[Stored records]
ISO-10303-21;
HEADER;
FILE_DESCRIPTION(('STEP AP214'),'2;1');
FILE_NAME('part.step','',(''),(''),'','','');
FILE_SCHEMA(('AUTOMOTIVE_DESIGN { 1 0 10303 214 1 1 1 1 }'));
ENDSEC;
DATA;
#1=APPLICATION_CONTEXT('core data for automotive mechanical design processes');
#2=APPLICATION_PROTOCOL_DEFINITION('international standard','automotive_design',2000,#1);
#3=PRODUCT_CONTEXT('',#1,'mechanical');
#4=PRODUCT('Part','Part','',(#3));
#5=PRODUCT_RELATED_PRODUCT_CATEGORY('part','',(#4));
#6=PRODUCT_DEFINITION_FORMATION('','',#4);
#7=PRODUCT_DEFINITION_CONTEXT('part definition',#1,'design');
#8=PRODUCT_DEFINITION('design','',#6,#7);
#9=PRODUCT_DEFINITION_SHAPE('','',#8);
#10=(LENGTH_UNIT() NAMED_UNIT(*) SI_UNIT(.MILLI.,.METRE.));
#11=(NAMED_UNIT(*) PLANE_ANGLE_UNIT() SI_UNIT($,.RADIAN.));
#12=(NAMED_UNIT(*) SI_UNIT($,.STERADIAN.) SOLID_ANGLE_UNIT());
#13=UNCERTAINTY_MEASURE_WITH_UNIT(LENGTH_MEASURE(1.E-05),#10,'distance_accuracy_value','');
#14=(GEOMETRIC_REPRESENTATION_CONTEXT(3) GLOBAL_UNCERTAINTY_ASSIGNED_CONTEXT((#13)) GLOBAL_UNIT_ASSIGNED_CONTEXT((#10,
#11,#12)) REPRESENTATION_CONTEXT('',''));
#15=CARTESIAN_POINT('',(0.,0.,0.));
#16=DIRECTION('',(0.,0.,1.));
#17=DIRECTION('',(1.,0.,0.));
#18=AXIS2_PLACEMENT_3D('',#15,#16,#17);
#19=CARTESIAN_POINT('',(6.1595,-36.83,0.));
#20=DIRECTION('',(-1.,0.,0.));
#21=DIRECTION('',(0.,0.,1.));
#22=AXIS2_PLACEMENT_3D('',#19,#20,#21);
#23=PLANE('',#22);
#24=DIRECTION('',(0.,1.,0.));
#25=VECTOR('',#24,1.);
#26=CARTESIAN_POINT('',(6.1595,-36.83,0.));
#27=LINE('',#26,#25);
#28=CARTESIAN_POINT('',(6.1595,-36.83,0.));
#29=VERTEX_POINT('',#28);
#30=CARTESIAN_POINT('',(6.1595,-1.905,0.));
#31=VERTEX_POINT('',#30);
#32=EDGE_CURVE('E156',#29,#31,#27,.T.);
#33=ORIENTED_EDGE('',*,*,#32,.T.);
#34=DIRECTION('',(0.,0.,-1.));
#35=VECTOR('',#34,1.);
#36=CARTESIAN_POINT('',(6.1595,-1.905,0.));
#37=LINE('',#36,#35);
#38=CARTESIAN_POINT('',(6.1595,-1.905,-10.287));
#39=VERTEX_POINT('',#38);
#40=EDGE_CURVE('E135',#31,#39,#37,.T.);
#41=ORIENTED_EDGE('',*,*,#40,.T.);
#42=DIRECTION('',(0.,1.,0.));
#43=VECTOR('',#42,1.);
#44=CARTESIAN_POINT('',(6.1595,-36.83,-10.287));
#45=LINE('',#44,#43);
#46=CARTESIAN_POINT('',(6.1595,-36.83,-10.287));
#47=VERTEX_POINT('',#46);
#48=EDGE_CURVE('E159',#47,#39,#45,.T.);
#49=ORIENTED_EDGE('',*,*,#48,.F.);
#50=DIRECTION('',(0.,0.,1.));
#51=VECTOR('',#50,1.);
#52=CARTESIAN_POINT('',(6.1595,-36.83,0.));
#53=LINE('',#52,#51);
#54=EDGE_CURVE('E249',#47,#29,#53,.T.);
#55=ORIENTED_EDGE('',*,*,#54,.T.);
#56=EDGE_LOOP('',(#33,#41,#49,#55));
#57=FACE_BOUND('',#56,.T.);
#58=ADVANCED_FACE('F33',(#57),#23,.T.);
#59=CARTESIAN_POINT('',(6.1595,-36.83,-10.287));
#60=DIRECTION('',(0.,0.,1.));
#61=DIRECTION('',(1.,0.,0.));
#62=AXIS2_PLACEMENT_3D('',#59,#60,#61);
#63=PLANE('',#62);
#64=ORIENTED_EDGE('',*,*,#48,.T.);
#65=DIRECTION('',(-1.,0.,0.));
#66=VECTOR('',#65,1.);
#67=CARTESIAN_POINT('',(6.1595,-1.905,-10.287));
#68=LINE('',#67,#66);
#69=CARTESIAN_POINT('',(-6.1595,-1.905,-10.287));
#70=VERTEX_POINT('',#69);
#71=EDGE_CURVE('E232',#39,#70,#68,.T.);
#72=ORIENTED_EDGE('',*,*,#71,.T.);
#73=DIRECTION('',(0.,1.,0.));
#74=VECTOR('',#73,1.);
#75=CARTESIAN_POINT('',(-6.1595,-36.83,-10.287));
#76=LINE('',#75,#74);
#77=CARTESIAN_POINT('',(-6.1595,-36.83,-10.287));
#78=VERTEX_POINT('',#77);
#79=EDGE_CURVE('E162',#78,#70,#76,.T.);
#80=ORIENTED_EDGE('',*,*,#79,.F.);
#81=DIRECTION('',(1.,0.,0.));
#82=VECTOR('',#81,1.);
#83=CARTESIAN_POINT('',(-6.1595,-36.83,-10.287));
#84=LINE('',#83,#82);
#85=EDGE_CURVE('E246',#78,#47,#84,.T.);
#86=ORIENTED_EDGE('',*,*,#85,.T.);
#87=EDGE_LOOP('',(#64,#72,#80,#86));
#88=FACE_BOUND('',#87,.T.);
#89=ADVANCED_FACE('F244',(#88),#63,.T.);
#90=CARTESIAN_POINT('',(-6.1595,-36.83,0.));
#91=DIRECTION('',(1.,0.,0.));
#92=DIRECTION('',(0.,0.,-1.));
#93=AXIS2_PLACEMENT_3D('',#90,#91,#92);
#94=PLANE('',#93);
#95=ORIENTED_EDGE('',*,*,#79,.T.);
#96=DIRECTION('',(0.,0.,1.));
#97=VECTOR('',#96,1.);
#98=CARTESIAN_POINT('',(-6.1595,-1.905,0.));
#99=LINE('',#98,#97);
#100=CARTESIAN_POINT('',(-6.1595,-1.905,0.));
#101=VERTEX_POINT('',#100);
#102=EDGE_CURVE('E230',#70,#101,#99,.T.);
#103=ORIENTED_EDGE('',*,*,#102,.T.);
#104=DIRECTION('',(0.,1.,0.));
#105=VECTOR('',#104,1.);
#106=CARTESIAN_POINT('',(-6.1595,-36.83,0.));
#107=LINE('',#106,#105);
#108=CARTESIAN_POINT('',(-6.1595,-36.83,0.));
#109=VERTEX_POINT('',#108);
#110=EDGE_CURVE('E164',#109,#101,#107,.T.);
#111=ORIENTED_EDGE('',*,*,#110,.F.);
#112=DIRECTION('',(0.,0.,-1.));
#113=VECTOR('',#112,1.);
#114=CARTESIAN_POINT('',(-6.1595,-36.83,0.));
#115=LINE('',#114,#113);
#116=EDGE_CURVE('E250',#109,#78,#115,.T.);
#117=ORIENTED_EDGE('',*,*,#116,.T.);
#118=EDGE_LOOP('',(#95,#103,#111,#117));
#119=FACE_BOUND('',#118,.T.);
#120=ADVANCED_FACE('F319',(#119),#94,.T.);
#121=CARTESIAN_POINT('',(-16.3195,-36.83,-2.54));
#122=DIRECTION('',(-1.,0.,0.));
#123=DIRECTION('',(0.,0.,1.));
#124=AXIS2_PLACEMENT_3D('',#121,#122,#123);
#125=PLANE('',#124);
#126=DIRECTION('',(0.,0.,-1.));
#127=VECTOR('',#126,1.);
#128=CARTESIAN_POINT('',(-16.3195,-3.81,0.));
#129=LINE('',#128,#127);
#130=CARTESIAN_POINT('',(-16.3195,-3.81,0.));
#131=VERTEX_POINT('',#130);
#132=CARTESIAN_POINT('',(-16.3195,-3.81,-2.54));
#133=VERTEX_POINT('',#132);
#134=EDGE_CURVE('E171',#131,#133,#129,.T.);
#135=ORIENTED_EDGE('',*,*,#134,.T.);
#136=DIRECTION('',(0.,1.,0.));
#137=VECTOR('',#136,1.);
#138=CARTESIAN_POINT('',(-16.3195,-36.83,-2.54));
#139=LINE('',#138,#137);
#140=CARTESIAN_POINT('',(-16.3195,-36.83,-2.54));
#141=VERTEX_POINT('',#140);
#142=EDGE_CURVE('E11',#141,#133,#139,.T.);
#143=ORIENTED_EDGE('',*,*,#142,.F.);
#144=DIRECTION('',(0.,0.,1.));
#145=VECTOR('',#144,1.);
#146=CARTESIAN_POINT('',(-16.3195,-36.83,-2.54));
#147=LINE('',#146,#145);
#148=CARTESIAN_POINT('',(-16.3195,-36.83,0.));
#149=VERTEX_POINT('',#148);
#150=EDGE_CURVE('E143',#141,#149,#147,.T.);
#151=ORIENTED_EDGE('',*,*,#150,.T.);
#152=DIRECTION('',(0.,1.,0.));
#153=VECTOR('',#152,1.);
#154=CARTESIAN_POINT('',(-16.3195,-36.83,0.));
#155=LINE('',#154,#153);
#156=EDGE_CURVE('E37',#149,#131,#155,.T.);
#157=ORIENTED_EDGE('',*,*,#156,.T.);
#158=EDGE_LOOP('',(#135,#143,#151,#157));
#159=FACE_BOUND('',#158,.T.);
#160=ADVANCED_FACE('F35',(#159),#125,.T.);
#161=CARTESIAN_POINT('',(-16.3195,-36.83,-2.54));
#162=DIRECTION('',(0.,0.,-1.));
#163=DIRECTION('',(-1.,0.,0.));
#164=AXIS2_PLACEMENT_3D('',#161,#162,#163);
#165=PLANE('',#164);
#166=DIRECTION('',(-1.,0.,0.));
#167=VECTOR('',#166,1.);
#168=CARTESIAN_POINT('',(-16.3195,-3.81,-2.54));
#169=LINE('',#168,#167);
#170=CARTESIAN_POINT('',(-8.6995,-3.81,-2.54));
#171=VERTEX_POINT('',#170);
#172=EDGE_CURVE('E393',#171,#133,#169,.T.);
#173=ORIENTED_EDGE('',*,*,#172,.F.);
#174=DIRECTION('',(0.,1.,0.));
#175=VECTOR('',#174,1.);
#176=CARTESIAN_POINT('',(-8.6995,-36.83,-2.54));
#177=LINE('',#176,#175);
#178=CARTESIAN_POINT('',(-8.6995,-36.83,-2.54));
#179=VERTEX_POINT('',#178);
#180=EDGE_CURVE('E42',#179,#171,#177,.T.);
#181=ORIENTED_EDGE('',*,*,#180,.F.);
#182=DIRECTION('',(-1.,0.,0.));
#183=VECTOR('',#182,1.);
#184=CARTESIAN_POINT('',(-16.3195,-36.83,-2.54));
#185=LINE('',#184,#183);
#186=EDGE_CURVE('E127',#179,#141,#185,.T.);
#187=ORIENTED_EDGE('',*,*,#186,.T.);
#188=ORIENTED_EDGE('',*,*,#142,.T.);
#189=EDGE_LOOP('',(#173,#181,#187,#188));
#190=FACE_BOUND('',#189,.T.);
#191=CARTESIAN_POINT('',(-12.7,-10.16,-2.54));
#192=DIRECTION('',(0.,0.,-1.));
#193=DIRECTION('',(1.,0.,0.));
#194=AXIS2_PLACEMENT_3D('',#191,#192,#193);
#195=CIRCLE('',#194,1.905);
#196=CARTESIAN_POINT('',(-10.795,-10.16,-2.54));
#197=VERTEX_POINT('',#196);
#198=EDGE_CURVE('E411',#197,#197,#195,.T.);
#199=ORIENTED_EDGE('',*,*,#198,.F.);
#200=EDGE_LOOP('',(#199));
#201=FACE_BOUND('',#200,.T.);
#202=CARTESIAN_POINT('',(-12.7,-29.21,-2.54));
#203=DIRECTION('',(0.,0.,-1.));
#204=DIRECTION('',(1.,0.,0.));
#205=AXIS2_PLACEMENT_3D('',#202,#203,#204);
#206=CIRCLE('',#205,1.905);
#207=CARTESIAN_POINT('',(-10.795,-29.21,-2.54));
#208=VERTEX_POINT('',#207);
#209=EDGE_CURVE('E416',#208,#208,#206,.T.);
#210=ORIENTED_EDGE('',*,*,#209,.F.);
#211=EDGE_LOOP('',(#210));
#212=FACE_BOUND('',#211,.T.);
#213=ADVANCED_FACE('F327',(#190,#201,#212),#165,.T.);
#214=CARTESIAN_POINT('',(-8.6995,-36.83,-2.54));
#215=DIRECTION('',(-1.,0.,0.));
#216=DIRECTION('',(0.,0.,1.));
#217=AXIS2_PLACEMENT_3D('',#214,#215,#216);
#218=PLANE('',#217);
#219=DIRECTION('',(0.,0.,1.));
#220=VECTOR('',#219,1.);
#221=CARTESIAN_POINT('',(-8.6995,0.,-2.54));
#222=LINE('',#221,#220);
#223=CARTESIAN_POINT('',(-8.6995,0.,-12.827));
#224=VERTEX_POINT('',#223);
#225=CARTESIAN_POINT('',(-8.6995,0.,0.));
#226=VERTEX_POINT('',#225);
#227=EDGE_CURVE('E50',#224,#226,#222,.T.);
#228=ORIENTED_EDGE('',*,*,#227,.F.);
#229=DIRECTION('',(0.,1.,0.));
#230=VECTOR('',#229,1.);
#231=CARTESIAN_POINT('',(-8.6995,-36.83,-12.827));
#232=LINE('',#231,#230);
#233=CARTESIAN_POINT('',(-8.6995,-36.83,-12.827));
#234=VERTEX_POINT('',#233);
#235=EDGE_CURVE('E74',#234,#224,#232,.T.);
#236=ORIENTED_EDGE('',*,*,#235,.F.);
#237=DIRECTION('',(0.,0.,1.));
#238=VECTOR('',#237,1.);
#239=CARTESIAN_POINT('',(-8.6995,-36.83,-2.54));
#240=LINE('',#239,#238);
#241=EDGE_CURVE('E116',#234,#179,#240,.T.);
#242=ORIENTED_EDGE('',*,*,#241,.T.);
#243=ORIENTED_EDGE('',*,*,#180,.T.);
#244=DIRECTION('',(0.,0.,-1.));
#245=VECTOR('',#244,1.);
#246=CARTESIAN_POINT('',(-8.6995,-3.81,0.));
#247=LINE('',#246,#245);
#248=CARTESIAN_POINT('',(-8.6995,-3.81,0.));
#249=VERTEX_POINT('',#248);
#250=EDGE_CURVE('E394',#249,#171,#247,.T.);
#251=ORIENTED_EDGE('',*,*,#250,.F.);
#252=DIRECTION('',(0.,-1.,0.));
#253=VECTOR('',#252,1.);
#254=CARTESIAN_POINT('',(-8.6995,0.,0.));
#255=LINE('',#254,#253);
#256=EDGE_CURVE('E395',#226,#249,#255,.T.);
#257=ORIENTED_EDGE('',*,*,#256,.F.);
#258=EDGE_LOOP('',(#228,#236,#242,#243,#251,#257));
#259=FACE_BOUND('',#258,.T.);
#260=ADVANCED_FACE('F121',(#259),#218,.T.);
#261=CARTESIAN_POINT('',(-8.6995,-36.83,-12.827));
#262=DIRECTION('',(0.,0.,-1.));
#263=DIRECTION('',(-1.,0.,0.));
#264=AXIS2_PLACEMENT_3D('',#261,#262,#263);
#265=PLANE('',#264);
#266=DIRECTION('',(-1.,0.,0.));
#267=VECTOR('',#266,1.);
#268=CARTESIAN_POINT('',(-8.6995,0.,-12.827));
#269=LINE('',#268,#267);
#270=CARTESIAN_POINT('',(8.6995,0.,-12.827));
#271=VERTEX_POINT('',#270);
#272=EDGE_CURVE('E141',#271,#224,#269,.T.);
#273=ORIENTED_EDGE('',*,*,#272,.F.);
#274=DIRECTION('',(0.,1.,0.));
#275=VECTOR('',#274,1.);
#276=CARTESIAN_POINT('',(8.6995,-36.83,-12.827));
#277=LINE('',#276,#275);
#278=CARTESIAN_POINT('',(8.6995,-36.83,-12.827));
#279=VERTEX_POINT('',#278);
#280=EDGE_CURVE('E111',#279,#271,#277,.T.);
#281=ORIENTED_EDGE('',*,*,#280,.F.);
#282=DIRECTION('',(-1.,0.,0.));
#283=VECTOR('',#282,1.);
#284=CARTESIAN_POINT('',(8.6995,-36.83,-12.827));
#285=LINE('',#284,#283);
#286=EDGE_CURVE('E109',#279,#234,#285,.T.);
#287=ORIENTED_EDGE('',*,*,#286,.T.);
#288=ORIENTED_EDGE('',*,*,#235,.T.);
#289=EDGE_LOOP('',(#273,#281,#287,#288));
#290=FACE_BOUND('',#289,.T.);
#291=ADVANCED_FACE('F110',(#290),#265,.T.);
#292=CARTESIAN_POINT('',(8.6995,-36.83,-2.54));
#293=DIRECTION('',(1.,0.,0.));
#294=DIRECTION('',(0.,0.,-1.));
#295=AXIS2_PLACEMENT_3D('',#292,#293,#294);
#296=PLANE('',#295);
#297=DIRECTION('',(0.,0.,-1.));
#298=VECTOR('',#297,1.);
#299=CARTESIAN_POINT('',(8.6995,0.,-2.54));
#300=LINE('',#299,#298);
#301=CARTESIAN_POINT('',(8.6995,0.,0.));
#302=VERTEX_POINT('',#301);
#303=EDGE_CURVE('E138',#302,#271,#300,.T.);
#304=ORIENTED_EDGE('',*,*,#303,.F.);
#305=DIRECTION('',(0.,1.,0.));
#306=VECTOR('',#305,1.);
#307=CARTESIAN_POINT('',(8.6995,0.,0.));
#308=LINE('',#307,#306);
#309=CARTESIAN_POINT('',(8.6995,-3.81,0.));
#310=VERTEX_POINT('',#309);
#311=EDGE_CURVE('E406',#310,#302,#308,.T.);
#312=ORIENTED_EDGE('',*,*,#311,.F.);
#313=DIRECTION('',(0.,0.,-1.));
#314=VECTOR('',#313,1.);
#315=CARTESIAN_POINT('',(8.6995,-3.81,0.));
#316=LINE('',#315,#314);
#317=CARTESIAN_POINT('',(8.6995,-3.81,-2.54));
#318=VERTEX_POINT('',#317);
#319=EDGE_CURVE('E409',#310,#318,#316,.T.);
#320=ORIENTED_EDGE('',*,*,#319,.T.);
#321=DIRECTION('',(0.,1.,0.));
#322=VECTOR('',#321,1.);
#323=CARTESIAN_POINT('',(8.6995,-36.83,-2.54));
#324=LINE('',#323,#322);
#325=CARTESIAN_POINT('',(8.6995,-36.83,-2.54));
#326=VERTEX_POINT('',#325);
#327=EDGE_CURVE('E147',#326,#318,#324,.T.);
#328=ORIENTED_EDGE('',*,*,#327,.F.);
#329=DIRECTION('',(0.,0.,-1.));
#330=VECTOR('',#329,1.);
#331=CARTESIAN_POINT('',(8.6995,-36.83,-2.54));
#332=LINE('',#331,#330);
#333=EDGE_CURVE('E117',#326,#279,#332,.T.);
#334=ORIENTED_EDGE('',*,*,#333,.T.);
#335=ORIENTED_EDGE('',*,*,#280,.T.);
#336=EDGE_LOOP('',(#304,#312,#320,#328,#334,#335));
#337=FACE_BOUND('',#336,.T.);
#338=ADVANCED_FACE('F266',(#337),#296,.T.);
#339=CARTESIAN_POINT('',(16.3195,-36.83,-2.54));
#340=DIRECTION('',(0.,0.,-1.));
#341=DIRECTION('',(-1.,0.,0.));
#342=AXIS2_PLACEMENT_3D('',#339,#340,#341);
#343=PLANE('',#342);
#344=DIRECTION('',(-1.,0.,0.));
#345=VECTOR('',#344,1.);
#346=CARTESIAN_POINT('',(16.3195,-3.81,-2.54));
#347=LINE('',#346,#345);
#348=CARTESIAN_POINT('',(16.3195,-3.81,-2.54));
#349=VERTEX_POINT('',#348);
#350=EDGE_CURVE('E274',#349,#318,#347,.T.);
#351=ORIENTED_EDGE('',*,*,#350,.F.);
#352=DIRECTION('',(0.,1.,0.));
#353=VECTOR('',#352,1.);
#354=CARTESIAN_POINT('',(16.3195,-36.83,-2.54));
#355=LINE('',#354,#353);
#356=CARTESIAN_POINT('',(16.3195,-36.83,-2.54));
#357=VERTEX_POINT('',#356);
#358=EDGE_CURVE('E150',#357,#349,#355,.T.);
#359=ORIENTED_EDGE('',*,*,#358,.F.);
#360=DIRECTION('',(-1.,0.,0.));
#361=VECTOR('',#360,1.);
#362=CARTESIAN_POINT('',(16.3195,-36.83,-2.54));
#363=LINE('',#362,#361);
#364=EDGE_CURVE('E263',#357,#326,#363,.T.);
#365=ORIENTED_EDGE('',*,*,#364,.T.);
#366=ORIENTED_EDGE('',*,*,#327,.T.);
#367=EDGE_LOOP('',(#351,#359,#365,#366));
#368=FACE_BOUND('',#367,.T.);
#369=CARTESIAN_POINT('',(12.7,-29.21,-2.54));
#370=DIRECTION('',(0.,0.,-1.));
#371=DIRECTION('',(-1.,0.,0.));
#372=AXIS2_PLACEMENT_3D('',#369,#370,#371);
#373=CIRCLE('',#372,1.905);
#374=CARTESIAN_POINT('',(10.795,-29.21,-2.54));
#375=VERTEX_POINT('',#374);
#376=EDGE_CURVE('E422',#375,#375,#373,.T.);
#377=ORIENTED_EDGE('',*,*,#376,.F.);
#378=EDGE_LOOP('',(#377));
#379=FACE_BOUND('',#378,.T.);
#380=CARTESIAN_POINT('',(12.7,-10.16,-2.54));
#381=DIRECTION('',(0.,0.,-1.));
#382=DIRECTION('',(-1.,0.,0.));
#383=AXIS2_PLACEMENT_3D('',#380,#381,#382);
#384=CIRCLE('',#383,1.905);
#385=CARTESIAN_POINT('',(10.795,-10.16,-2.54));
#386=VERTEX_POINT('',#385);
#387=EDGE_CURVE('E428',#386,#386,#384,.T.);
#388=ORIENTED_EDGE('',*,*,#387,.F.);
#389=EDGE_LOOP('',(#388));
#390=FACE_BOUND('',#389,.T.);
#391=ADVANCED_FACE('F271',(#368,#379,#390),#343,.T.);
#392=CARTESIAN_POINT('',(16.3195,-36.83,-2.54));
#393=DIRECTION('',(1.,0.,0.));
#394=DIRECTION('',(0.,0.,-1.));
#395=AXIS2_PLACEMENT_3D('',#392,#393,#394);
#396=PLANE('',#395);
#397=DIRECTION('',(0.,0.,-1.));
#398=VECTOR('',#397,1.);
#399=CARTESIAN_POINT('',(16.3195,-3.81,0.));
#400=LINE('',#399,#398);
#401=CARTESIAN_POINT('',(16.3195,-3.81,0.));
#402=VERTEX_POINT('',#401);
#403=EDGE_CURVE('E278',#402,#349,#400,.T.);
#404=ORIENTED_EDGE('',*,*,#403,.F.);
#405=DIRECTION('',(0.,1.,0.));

Instructions to follow -
Among the records above, a stretch begins at the line containing "#159=FACE_BOUND('',#158,.T.);" and ends at the line containing "#174=DIRECTION('',(0.,1.,0.));". Restate that stretch word for word, and nothing else.

Solution to the exercise -
#159=FACE_BOUND('',#158,.T.);
#160=ADVANCED_FACE('F35',(#159),#125,.T.);
#161=CARTESIAN_POINT('',(-16.3195,-36.83,-2.54));
#162=DIRECTION('',(0.,0.,-1.));
#163=DIRECTION('',(-1.,0.,0.));
#164=AXIS2_PLACEMENT_3D('',#161,#162,#163);
#165=PLANE('',#164);
#166=DIRECTION('',(-1.,0.,0.));
#167=VECTOR('',#166,1.);
#168=CARTESIAN_POINT('',(-16.3195,-3.81,-2.54));
#169=LINE('',#168,#167);
#170=CARTESIAN_POINT('',(-8.6995,-3.81,-2.54));
#171=VERTEX_POINT('',#170);
#172=EDGE_CURVE('E393',#171,#133,#169,.T.);
#173=ORIENTED_EDGE('',*,*,#172,.F.);
#174=DIRECTION('',(0.,1.,0.));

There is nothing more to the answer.